(RECORD EXCERPTS)
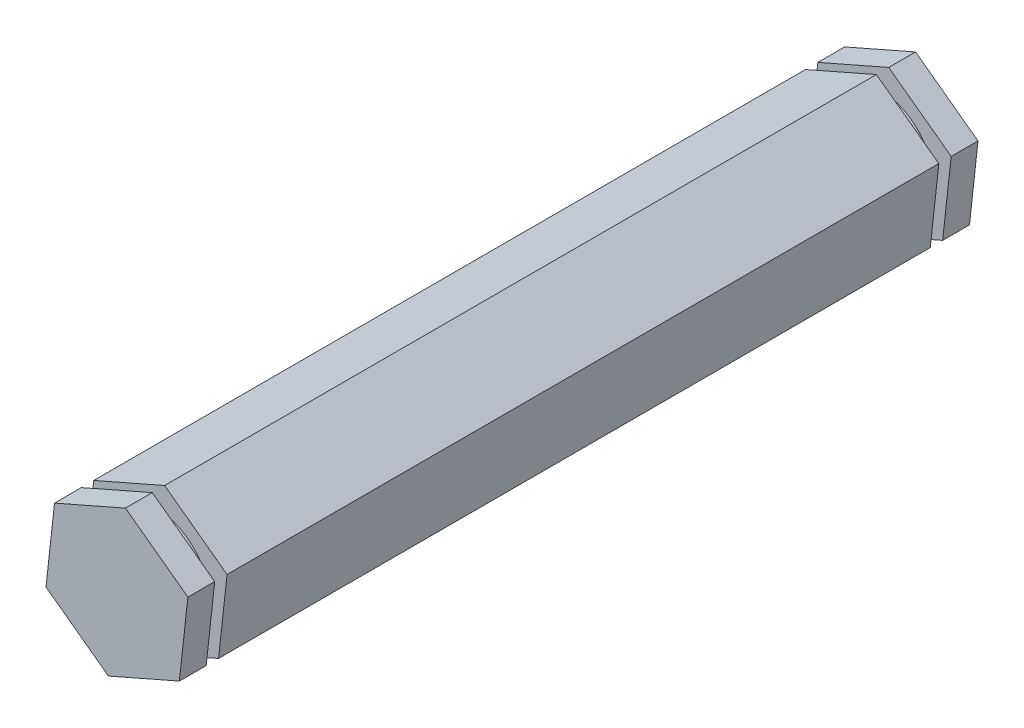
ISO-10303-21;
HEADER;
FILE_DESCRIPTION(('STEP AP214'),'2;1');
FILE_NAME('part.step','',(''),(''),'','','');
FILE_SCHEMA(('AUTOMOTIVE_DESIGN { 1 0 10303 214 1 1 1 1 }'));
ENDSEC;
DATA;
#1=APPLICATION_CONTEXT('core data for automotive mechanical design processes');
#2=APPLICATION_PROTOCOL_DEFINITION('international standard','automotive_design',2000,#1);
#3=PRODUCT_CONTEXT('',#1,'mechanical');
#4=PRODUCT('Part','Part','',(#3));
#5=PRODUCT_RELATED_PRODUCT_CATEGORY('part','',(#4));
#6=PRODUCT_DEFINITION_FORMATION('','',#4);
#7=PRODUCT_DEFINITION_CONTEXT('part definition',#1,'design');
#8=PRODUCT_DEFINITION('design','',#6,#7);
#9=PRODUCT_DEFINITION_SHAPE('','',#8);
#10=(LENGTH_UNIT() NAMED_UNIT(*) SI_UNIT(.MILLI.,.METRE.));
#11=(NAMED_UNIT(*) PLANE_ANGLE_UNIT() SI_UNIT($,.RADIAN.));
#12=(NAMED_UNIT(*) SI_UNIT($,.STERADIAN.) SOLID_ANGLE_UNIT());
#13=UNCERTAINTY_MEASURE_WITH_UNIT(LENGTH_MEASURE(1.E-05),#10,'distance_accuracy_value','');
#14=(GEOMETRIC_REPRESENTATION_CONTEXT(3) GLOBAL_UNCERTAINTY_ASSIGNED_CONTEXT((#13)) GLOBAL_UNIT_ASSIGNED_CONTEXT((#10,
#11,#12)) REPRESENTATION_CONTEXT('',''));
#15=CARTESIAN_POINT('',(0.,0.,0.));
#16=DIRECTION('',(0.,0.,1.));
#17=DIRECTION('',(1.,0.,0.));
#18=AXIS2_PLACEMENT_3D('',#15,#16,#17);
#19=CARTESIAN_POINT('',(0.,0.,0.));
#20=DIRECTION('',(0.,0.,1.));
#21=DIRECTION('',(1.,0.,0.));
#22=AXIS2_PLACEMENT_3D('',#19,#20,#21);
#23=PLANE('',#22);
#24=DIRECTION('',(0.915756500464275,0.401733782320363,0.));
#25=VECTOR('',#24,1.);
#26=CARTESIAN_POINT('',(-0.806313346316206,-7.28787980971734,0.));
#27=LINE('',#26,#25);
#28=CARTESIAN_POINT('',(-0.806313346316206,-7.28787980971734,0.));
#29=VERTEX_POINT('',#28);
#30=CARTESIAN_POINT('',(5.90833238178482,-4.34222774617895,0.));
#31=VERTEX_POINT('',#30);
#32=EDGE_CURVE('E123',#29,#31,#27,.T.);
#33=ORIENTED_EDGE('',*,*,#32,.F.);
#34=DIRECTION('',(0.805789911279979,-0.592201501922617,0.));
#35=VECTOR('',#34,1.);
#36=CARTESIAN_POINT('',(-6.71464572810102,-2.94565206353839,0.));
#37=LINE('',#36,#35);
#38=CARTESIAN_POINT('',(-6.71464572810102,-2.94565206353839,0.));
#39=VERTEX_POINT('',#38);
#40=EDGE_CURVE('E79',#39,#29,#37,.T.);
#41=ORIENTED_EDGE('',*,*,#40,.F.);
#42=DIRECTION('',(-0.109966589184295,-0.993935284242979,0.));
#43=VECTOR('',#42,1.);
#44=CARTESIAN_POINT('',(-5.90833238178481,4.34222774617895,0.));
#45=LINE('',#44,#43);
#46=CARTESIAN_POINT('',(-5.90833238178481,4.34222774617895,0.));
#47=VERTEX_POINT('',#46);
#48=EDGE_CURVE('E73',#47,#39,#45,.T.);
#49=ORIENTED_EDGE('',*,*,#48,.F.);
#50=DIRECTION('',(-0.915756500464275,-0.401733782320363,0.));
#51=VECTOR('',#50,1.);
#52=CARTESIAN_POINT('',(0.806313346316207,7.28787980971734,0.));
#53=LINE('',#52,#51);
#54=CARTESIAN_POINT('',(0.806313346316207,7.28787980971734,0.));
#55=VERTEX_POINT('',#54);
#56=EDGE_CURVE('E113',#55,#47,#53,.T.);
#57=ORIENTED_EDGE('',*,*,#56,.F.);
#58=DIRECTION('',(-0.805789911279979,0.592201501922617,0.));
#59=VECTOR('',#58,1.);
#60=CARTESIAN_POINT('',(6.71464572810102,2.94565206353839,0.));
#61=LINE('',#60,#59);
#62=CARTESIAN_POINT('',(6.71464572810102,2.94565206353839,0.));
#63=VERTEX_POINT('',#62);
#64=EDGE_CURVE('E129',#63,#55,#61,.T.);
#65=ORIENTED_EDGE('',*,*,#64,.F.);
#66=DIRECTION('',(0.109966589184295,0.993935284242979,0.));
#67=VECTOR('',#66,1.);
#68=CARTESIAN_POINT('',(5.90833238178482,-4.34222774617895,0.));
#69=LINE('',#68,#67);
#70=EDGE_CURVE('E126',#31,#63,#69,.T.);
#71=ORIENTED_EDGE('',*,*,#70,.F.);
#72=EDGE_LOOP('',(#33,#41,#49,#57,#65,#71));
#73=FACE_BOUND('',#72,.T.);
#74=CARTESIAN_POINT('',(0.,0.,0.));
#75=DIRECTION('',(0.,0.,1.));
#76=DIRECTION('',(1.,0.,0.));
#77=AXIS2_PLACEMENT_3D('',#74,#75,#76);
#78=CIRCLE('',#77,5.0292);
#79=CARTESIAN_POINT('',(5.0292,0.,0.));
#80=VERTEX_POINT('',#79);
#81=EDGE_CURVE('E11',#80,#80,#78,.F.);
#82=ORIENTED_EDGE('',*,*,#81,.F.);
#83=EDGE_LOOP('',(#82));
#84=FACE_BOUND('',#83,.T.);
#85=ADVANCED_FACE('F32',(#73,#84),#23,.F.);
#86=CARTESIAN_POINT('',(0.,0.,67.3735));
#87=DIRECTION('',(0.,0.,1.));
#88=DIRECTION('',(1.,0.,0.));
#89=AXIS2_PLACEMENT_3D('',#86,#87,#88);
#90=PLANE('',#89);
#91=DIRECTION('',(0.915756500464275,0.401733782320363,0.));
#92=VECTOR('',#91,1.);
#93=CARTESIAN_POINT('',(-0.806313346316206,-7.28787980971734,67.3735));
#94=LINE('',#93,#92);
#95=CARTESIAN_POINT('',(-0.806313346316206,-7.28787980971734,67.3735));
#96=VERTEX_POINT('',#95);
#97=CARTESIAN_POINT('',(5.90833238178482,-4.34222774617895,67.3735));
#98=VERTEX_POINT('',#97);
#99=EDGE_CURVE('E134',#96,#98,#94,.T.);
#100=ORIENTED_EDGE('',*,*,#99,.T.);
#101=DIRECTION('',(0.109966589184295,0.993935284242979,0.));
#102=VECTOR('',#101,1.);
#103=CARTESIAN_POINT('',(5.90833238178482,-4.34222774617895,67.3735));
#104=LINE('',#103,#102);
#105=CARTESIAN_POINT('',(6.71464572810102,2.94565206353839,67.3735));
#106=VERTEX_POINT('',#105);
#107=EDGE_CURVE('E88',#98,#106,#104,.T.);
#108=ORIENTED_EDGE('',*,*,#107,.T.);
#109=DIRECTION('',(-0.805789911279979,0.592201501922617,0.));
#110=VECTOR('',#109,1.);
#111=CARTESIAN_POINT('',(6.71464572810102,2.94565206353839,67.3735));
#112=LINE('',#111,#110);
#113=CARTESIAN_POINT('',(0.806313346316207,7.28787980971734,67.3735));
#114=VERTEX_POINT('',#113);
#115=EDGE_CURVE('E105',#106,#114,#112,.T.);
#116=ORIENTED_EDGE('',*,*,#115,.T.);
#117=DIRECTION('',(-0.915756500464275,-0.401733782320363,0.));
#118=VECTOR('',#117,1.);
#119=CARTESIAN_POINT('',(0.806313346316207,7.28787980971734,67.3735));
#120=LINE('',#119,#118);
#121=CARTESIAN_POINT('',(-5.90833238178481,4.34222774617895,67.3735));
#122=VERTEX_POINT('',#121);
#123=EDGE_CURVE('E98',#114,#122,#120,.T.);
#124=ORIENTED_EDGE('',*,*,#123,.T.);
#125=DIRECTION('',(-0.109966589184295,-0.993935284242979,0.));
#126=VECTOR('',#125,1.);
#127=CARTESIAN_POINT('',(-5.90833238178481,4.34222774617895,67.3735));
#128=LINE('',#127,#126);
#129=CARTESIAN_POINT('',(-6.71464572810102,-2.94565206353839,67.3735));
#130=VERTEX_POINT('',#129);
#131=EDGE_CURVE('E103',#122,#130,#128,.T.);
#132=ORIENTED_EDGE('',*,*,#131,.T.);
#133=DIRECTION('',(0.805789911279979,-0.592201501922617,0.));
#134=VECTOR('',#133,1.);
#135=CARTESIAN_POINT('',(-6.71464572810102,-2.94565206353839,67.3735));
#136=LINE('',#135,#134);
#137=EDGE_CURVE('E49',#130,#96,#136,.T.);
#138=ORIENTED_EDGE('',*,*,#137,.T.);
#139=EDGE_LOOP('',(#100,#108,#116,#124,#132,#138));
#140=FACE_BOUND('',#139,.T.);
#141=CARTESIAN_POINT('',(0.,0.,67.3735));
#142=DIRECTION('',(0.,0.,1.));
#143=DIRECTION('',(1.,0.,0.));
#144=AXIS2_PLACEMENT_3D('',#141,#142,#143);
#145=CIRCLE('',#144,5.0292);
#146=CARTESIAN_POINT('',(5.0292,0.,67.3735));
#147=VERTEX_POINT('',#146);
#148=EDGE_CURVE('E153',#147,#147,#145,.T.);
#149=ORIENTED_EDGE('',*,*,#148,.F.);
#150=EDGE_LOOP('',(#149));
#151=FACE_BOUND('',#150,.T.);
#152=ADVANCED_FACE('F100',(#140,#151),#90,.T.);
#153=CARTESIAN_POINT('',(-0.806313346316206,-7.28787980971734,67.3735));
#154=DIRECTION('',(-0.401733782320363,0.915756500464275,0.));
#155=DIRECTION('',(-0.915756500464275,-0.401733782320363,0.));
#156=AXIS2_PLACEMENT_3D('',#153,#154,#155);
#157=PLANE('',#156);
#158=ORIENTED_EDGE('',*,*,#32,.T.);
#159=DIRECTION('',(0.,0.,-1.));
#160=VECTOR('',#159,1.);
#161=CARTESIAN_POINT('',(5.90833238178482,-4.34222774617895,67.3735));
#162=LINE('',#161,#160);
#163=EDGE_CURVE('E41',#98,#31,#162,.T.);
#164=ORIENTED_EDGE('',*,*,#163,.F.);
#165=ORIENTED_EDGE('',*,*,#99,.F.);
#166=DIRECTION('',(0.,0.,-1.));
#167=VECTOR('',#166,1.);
(End RECORD EXCERPTS)
Taking the entries above, write out exactly the lines starting with the line containing "#23=PLANE('',#22);" and going on through the line containing "#31=VERTEX_POINT('',#30);", both included, and nothing else.

#23=PLANE('',#22);
#24=DIRECTION('',(0.915756500464275,0.401733782320363,0.));
#25=VECTOR('',#24,1.);
#26=CARTESIAN_POINT('',(-0.806313346316206,-7.28787980971734,0.));
#27=LINE('',#26,#25);
#28=CARTESIAN_POINT('',(-0.806313346316206,-7.28787980971734,0.));
#29=VERTEX_POINT('',#28);
#30=CARTESIAN_POINT('',(5.90833238178482,-4.34222774617895,0.));
#31=VERTEX_POINT('',#30);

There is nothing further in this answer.